From the entries below, retype only the lines from the one with "Constant/1 -> EKF/3(u)" through the one with "matlab function mad_lib_template/Locate", exactly as written.

» **Extracted material**:
+++
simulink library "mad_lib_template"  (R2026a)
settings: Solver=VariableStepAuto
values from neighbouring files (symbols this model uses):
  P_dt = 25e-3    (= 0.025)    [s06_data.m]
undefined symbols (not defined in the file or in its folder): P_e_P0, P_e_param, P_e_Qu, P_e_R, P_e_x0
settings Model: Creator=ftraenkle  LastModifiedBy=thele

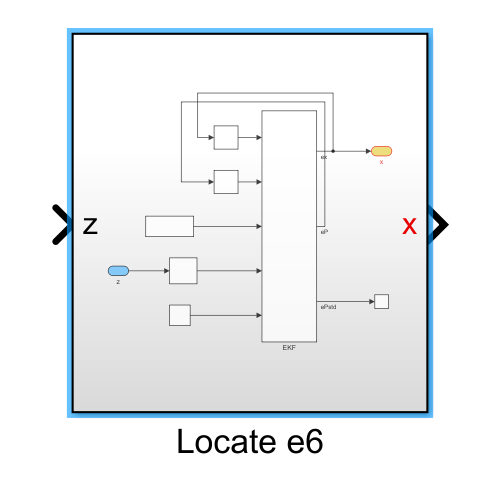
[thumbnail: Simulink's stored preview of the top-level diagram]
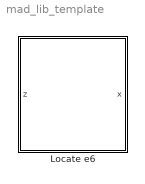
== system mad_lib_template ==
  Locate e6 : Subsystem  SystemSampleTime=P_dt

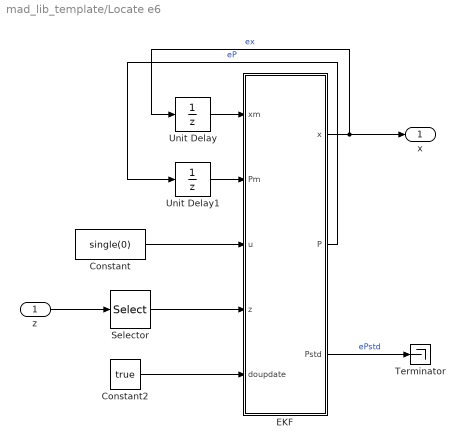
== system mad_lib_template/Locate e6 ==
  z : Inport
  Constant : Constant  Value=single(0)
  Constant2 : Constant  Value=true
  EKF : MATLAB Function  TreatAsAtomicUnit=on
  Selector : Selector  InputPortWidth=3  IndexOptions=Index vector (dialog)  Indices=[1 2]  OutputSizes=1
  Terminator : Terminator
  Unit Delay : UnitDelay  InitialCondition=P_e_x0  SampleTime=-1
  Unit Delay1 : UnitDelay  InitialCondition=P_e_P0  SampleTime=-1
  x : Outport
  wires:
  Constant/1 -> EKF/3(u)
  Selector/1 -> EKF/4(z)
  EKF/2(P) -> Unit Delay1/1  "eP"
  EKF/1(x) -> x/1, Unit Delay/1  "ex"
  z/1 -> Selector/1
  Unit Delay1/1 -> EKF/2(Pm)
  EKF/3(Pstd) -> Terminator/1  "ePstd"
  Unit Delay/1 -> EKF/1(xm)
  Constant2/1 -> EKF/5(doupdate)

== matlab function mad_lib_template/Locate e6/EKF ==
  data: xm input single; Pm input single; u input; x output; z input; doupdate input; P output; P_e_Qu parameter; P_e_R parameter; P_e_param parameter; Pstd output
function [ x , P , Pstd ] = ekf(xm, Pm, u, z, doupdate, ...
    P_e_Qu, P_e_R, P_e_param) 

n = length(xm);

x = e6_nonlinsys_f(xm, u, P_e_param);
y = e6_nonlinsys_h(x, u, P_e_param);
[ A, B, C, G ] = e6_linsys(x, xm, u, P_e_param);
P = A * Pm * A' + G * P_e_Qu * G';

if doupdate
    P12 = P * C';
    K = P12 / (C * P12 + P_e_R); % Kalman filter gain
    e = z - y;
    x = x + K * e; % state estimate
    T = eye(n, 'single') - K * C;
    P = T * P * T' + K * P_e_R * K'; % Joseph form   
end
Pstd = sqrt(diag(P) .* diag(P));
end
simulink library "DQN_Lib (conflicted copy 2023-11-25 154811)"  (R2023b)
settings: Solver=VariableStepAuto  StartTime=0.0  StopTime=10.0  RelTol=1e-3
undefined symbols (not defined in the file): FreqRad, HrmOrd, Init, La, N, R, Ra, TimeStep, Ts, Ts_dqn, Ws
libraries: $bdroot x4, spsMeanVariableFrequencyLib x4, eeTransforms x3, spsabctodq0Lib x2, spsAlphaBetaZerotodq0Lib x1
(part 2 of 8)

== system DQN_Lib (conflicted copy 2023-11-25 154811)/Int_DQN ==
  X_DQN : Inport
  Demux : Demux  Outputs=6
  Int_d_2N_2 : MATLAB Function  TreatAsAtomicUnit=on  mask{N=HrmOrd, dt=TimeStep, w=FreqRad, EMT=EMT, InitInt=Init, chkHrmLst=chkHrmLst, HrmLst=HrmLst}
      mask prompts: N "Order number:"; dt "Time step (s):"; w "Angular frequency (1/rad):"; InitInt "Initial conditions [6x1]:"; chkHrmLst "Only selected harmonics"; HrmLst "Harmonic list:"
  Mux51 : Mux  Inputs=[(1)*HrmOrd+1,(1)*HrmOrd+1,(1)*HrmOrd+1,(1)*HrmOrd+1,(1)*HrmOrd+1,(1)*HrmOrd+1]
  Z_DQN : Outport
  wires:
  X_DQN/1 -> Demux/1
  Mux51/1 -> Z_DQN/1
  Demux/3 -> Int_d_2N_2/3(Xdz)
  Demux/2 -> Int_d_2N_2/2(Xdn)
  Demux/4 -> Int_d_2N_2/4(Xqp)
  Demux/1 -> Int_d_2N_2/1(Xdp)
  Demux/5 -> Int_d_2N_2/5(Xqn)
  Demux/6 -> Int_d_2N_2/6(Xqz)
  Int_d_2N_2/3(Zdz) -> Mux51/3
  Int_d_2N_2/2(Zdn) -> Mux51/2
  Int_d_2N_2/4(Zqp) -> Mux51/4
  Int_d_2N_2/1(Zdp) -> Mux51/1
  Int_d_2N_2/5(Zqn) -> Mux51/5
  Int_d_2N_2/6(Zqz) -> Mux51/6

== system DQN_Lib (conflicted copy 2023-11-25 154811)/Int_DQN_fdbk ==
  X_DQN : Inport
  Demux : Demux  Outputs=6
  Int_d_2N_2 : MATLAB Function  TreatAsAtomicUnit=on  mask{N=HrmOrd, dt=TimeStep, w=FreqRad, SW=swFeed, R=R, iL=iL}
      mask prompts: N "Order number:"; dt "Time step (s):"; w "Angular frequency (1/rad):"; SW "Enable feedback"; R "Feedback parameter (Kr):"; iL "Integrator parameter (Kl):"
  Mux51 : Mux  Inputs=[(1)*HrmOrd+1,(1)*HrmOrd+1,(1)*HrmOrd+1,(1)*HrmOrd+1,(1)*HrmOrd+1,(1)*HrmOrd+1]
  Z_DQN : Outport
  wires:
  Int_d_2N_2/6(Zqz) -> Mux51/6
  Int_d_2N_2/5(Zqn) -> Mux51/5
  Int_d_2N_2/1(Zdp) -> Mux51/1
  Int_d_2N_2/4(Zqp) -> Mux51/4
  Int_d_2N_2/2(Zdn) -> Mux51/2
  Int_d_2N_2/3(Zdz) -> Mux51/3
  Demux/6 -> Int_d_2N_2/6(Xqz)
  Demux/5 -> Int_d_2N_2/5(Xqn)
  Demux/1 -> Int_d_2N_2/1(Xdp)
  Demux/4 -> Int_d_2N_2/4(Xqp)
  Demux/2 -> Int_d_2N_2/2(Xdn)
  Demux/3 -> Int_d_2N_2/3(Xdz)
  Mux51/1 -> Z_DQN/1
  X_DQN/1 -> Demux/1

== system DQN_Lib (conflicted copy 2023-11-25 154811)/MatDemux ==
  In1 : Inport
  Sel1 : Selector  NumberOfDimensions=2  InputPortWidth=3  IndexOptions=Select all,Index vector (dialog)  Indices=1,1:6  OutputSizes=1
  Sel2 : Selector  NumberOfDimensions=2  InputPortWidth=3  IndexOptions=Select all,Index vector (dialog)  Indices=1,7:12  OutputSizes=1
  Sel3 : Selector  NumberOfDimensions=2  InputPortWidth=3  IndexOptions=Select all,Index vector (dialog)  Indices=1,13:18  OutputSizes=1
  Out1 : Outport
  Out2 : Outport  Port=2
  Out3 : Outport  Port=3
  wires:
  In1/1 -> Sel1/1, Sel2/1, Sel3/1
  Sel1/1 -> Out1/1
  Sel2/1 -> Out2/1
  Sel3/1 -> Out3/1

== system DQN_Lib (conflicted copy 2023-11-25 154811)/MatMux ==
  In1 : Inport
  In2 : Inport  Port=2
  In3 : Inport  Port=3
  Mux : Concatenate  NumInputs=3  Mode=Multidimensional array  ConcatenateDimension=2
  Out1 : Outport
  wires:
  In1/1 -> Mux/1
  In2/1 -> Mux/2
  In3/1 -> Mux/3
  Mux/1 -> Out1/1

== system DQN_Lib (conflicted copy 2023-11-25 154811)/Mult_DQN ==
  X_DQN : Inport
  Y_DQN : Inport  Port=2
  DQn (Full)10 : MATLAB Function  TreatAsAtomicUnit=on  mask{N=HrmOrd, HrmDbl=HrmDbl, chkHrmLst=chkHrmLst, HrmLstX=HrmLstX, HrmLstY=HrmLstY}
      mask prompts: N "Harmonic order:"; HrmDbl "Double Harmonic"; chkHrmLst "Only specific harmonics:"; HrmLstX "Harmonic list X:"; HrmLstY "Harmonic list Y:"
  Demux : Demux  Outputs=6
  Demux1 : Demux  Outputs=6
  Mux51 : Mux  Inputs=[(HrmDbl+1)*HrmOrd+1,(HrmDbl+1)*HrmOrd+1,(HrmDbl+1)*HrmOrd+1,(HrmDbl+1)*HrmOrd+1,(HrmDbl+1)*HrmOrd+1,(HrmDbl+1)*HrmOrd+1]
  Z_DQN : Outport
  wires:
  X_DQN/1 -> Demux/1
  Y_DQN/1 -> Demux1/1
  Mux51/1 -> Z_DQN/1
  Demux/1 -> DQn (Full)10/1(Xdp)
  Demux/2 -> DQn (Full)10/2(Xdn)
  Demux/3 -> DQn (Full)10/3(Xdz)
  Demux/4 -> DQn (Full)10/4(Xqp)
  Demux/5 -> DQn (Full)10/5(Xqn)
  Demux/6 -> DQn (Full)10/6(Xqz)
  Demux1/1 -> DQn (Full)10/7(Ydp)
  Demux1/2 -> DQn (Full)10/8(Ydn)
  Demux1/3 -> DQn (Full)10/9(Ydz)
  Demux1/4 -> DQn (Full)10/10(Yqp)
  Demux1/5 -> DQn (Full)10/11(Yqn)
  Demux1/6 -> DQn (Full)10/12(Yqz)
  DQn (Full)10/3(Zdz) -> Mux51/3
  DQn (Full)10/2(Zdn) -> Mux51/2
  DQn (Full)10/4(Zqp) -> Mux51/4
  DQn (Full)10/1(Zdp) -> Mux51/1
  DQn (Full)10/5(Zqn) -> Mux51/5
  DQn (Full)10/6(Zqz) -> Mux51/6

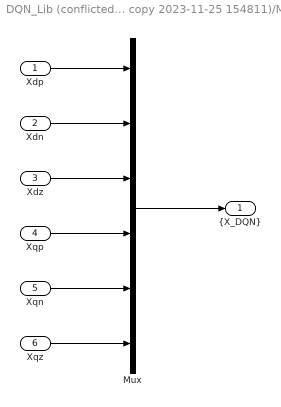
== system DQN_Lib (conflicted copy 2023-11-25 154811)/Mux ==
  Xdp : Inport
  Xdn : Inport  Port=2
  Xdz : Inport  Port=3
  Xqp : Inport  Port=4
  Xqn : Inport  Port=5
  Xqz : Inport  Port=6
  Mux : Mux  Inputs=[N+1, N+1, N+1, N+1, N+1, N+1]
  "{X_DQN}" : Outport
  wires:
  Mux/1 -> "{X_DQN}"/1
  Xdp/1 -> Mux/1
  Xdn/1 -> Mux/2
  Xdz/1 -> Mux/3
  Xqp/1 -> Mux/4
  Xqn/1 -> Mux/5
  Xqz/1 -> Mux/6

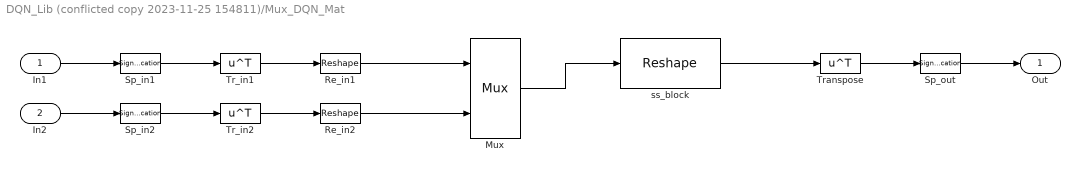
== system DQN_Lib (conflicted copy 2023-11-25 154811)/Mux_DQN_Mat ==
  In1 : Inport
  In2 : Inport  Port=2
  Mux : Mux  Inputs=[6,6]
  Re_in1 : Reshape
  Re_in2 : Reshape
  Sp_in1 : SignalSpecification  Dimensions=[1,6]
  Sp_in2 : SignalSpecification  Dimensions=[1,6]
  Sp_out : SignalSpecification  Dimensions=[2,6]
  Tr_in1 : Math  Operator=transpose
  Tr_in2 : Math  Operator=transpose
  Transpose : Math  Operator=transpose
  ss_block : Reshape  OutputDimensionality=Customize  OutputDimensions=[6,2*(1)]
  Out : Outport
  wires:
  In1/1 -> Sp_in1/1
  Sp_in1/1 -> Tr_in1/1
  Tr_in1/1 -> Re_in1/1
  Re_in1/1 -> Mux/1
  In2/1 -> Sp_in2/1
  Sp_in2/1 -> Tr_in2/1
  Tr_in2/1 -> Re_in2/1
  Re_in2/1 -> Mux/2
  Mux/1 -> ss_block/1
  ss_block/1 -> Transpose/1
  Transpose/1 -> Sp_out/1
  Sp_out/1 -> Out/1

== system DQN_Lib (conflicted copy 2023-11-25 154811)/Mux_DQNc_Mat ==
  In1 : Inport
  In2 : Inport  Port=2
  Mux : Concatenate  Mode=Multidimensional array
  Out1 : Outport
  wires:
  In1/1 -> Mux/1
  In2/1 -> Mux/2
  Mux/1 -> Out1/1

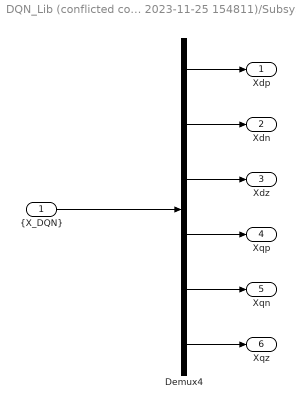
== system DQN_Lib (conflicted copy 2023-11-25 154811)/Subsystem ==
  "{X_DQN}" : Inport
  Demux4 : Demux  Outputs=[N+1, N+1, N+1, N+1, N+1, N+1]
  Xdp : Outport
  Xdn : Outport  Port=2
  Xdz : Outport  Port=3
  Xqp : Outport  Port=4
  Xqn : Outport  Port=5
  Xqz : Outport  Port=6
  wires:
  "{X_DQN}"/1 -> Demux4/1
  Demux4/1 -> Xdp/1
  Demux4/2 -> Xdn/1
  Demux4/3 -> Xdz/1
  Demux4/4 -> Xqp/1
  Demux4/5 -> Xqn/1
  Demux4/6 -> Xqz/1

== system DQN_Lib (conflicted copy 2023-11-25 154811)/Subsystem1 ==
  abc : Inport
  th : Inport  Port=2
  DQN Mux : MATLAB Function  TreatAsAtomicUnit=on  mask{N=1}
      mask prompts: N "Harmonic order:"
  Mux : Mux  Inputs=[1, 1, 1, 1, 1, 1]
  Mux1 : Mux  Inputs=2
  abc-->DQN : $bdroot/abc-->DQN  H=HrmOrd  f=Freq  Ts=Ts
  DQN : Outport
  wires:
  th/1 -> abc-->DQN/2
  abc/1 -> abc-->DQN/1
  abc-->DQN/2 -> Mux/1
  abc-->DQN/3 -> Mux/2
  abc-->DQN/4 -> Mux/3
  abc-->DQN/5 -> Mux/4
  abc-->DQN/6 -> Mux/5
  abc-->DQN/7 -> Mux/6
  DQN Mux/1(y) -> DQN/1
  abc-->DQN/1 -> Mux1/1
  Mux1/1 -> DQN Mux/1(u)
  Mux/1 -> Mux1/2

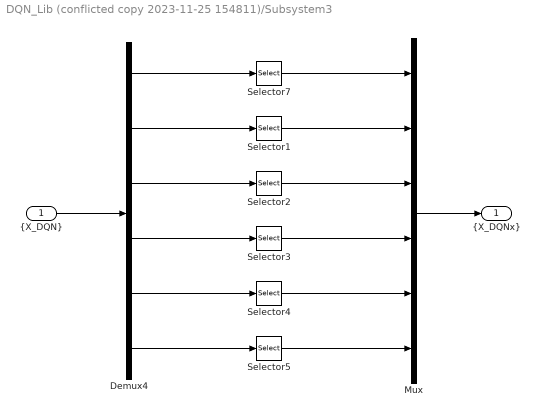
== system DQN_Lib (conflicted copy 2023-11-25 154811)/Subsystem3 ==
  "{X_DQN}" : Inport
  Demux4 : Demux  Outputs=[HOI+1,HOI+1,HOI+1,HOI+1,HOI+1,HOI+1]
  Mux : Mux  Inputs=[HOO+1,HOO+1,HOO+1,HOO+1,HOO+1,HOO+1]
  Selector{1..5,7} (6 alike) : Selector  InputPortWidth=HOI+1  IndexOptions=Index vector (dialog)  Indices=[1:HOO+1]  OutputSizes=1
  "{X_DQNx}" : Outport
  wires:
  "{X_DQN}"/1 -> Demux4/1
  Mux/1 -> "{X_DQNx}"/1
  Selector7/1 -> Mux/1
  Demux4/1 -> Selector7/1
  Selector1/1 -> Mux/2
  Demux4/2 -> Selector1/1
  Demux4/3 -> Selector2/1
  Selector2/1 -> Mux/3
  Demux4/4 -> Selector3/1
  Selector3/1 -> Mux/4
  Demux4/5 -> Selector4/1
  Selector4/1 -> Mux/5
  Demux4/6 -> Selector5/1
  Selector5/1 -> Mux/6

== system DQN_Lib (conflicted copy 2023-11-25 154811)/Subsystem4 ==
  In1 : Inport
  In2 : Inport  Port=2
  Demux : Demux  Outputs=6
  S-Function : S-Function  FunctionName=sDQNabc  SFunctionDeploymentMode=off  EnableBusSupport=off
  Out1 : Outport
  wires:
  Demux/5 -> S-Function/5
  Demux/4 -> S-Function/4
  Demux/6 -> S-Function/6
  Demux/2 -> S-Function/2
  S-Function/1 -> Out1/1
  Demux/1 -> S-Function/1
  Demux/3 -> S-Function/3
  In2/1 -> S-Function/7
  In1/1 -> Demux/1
+++
» **Written response**:
  Constant/1 -> EKF/3(u)
  Selector/1 -> EKF/4(z)
  EKF/2(P) -> Unit Delay1/1  "eP"
  EKF/1(x) -> x/1, Unit Delay/1  "ex"
  z/1 -> Selector/1
  Unit Delay1/1 -> EKF/2(Pm)
  EKF/3(Pstd) -> Terminator/1  "ePstd"
  Unit Delay/1 -> EKF/1(xm)
  Constant2/1 -> EKF/5(doupdate)

== matlab function mad_lib_template/Locate e6/EKF ==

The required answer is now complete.